++++ Entries shown
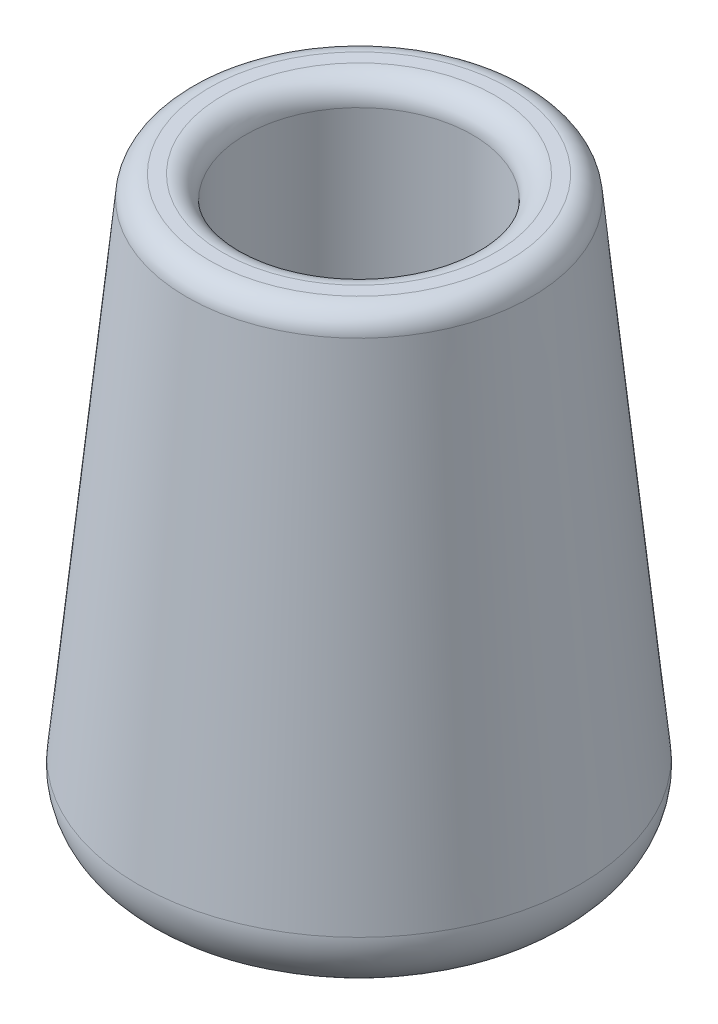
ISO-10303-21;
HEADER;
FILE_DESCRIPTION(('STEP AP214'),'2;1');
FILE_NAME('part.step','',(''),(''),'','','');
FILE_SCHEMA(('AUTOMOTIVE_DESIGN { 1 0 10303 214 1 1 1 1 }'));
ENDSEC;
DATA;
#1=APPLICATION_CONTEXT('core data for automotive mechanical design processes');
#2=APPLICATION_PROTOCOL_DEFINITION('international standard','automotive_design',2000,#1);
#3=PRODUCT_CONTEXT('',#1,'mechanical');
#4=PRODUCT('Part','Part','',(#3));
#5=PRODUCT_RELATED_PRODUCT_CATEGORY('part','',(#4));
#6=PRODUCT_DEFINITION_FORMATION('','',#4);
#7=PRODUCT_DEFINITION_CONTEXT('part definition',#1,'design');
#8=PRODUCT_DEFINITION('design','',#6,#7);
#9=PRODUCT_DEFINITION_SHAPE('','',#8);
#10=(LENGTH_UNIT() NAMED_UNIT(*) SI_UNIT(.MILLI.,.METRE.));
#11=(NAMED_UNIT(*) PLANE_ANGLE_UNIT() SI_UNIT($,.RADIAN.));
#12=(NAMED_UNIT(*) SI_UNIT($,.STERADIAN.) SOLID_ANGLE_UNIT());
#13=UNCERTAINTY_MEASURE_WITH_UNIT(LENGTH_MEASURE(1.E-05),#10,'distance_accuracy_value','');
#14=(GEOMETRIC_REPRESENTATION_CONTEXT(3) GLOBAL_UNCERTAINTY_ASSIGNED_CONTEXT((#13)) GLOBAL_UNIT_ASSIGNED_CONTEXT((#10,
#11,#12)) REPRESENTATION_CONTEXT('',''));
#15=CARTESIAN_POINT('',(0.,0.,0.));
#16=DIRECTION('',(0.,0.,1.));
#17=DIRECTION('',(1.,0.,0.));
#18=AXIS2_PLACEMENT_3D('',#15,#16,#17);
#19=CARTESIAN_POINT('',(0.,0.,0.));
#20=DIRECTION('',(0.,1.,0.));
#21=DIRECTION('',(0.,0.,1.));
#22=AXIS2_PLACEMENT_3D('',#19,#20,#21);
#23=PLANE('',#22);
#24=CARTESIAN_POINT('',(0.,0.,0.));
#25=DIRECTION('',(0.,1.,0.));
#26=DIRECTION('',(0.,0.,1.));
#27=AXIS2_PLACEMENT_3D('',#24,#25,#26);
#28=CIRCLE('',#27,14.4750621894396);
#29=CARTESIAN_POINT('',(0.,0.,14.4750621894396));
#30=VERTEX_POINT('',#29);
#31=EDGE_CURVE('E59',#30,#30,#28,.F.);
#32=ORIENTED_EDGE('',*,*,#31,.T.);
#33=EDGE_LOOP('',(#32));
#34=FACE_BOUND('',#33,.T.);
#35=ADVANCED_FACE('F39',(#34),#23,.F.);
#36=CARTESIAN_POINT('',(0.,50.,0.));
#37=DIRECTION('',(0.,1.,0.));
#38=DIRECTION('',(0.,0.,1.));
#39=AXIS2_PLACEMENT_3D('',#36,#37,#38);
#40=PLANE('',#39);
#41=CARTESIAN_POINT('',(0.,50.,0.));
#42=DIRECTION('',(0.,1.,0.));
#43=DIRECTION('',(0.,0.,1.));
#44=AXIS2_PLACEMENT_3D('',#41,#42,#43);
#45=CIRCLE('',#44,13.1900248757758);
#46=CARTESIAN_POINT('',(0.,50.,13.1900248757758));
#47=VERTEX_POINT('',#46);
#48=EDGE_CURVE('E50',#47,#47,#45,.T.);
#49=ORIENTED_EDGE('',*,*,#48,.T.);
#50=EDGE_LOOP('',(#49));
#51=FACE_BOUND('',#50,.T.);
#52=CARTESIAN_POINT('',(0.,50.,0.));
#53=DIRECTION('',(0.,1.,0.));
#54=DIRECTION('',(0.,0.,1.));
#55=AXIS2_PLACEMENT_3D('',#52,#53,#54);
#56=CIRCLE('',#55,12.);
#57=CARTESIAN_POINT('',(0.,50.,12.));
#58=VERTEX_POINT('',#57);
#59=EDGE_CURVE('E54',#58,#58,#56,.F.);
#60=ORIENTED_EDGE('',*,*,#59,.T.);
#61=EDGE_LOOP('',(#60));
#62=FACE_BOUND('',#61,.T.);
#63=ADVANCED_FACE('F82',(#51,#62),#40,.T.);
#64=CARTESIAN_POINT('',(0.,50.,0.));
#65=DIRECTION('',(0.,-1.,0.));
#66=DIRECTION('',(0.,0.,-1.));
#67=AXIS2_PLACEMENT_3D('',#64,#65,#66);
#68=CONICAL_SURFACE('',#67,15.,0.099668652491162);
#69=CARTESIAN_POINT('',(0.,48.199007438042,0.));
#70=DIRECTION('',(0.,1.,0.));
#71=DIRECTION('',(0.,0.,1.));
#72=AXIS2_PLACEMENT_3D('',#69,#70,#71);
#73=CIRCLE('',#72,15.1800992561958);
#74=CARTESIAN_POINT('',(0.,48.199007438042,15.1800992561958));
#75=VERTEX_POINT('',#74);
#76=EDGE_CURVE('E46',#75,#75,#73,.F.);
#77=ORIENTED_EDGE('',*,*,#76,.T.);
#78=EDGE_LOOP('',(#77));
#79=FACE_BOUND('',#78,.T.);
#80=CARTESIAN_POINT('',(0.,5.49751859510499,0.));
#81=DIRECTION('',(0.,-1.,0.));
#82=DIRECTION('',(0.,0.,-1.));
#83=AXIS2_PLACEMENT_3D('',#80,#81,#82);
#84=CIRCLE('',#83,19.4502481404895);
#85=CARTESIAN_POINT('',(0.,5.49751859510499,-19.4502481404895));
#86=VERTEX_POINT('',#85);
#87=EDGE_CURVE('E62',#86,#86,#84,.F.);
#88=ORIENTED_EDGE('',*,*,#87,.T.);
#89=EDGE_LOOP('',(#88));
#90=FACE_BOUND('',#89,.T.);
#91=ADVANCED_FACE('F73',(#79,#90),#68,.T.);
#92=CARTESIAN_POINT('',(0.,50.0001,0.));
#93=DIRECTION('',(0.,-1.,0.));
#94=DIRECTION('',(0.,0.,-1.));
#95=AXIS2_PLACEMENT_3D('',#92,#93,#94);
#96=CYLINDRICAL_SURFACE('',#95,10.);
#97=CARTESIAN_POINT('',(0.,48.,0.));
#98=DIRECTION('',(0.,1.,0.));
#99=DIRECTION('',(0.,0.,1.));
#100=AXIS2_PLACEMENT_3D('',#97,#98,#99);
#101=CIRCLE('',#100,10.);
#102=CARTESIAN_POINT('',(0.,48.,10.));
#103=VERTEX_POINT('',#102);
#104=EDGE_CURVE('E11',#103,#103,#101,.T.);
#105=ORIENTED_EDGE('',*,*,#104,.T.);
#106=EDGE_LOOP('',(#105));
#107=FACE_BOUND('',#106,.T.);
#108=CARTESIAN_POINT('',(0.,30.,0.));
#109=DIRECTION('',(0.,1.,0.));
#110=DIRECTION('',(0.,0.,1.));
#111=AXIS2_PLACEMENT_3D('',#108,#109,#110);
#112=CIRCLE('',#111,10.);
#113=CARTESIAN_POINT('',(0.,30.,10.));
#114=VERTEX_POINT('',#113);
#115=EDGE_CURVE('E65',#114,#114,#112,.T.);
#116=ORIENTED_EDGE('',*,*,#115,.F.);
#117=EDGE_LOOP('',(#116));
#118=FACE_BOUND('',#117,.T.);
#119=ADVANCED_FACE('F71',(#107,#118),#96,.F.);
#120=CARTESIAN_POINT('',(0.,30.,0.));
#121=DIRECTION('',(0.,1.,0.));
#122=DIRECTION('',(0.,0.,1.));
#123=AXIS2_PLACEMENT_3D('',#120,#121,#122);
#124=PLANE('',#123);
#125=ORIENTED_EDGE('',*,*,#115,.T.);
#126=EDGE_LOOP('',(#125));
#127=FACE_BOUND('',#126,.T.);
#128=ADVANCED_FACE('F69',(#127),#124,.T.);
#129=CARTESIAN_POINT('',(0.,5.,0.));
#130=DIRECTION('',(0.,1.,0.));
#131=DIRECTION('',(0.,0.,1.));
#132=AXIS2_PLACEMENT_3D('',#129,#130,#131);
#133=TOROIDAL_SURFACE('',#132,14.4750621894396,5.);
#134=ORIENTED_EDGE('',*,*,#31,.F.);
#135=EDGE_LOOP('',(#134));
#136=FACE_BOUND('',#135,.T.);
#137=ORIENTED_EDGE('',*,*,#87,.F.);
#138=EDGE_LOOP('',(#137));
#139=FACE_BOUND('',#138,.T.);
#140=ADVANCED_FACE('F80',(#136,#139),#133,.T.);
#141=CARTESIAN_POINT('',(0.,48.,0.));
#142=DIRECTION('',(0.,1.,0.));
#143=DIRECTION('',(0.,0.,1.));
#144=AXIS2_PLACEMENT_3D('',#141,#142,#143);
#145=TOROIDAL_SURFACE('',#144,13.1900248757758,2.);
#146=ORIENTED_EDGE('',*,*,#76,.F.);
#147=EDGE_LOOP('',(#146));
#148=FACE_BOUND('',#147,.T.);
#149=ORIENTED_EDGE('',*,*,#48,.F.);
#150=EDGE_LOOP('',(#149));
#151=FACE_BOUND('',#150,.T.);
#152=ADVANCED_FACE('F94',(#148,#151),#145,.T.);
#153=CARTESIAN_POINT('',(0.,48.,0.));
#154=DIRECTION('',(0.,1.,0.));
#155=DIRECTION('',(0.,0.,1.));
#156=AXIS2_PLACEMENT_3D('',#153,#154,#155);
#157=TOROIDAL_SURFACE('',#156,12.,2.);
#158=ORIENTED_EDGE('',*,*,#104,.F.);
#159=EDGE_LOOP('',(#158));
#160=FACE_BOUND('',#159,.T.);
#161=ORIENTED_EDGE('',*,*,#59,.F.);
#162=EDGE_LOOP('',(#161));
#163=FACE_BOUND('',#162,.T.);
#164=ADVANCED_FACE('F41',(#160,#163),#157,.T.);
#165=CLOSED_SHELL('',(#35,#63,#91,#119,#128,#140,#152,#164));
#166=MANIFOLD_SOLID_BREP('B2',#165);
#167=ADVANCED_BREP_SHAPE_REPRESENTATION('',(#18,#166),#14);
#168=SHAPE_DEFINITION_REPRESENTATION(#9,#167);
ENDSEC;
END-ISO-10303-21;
++++++++
Task to complete: Among the entries above, the lines between the ones containing "#62=FACE_BOUND('',#61,.T.);" and "#73=CIRCLE('',#72,15.1800992561958);", inclusive, are to be transcribed exactly. No other line is to be given.

Reply:
#62=FACE_BOUND('',#61,.T.);
#63=ADVANCED_FACE('F82',(#51,#62),#40,.T.);
#64=CARTESIAN_POINT('',(0.,50.,0.));
#65=DIRECTION('',(0.,-1.,0.));
#66=DIRECTION('',(0.,0.,-1.));
#67=AXIS2_PLACEMENT_3D('',#64,#65,#66);
#68=CONICAL_SURFACE('',#67,15.,0.099668652491162);
#69=CARTESIAN_POINT('',(0.,48.199007438042,0.));
#70=DIRECTION('',(0.,1.,0.));
#71=DIRECTION('',(0.,0.,1.));
#72=AXIS2_PLACEMENT_3D('',#69,#70,#71);
#73=CIRCLE('',#72,15.1800992561958);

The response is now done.